When liquid is stored in a tank, the pressure in a gas-phase portion of the tank is variable, depending on the temperature of the stored liquid, on the reaction in a reaction portion of a battery cell, and the like. When the pressure difference between the inside and the outside of the tank is strictly limited, as in the case of a polyethylene tank etc., it is possible to make the tank a sealed structure by providing an air release valve or the like, for positive pressure. Furthermore, if the internal pressure in the tank may become negative because of a temperature drop of the stored liquid, the negative pressure is generally avoided by communicating with outside air or providing an intake valve to take in outside air.
When the stored liquid in the tank cannot be exposed to the outside air, for example when it is extremely vulnerable to oxidation, however, it is necessary to blow in and flow inert gas such as nitrogen so as to prevent the negative pressure. As a result, the inert gas for preventing the negative pressure must be reserved, resulting in an undesired cost increase.

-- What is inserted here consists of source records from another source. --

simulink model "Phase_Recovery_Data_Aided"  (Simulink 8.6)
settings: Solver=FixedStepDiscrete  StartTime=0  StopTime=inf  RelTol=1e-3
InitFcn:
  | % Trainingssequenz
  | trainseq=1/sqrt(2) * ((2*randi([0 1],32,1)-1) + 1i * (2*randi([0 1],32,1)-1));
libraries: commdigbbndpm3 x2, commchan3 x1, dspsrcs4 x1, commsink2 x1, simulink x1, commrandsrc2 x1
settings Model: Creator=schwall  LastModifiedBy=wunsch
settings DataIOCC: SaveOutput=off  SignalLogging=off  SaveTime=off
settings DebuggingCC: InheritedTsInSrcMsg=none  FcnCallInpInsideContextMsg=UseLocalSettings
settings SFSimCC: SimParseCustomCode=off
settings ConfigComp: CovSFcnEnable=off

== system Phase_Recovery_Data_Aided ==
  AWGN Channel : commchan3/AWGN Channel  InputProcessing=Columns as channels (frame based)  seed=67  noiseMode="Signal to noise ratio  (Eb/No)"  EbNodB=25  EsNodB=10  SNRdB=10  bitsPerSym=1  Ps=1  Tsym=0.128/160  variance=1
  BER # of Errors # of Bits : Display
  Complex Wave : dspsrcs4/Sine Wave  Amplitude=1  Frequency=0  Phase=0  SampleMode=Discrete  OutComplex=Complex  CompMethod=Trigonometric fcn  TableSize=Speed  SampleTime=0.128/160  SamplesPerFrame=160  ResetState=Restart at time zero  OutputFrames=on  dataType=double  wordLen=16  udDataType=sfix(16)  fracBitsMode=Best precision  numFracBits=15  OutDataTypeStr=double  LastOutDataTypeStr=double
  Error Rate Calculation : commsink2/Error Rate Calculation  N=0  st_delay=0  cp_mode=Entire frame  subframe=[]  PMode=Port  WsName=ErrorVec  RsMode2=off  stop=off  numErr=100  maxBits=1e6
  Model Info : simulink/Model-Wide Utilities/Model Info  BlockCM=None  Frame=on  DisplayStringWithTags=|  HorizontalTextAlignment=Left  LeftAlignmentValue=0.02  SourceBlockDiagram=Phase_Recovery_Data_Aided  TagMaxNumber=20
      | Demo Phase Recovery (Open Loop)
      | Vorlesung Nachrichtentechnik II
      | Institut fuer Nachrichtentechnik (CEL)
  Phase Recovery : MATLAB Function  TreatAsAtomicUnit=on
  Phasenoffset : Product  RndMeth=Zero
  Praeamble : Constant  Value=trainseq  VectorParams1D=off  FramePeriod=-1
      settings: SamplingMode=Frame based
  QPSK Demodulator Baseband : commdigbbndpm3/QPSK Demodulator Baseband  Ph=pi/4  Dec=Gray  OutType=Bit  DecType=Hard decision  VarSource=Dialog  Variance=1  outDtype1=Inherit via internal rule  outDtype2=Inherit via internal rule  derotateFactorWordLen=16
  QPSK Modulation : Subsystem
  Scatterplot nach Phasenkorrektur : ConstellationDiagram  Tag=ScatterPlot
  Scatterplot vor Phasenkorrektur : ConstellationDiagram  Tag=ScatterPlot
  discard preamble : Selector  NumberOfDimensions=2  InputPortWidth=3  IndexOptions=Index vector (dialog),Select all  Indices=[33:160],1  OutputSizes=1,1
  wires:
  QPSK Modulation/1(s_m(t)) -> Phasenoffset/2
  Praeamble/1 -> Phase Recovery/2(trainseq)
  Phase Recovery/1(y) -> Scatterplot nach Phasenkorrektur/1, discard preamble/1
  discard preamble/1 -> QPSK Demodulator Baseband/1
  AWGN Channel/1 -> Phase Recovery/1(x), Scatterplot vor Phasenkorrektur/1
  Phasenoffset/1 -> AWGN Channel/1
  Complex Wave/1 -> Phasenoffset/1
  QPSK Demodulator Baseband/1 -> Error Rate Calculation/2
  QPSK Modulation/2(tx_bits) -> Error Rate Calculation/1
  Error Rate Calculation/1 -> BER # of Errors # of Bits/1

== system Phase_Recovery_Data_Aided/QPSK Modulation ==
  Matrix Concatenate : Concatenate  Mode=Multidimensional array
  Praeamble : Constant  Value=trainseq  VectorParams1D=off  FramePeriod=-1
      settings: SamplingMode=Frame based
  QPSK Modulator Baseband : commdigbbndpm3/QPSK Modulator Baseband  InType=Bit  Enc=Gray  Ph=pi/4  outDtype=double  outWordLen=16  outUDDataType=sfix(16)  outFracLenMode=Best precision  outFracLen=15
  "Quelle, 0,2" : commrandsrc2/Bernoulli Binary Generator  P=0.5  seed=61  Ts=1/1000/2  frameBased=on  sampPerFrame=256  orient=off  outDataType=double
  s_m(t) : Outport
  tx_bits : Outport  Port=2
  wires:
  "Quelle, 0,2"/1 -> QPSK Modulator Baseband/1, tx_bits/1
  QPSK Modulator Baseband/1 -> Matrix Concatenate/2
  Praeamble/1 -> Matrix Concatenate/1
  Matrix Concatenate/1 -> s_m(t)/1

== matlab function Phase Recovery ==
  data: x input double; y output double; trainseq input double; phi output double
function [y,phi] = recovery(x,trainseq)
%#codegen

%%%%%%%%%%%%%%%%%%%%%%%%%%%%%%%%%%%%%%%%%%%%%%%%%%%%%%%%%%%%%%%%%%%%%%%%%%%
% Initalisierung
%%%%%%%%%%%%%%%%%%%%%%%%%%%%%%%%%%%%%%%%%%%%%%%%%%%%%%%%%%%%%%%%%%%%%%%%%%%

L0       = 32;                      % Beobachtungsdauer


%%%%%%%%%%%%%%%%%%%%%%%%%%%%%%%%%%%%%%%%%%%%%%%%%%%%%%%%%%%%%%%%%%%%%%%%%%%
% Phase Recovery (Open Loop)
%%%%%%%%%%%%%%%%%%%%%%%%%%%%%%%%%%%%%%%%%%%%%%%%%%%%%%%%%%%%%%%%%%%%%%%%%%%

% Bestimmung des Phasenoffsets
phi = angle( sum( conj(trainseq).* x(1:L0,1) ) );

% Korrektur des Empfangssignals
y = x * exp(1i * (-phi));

If a sealed structure filled with inert gas is employed to prevent this, degradation including oxidization of the stored liquid by air can be avoided, while preventing the negative pressure. When the stored liquid is electrolyte for a redox flow secondary battery or the like, an endothermic reaction at the time of charging and an exothermic reaction at the time of discharging, as well as changes of outside air temperature raises the temperature of the stored liquid up to about 42° C. in operation and lowers down to about 10° C. at rest. Therefore, as temperature varies in the range of 10° C. to 42° C., pressure accordingly varies in the sealed structure. When we represent the variation of pressure P as ΔP and the variation of temperature T (absolute temperature) as ΔT, (ΔP/P)=(ΔT/T) holds, since volume change ΔV is zero in a sealed structure. By inputting the above value, (ΔP/P)={32/(273+42)}≈0.1 results, and the above noted temperature variation causes a variation of about 0.1 atmosphere in operation under normal pressure. If an electrolyte tank for a redox flow secondary battery, for example, is to withstand this pressure variation of about 0.1 atmosphere, the structure thereof needs to be considerably rigid, which boosts up the cost of the entire battery system. The pressure-resistant performance of an inexpensive polyethylene tank or the like, fabricated by rotational molding etc. is at most about 0.01 atmosphere for positive pressure variation, and no more than about 0.005 atmosphere for negative pressure variation. In case of the electrolyte tank for the redox flow secondary battery, it is impossible to implement a tank having so rigid a structure that can withstand the pressure variation as mentioned above, due to the constraint of locational conditions or power generation costs.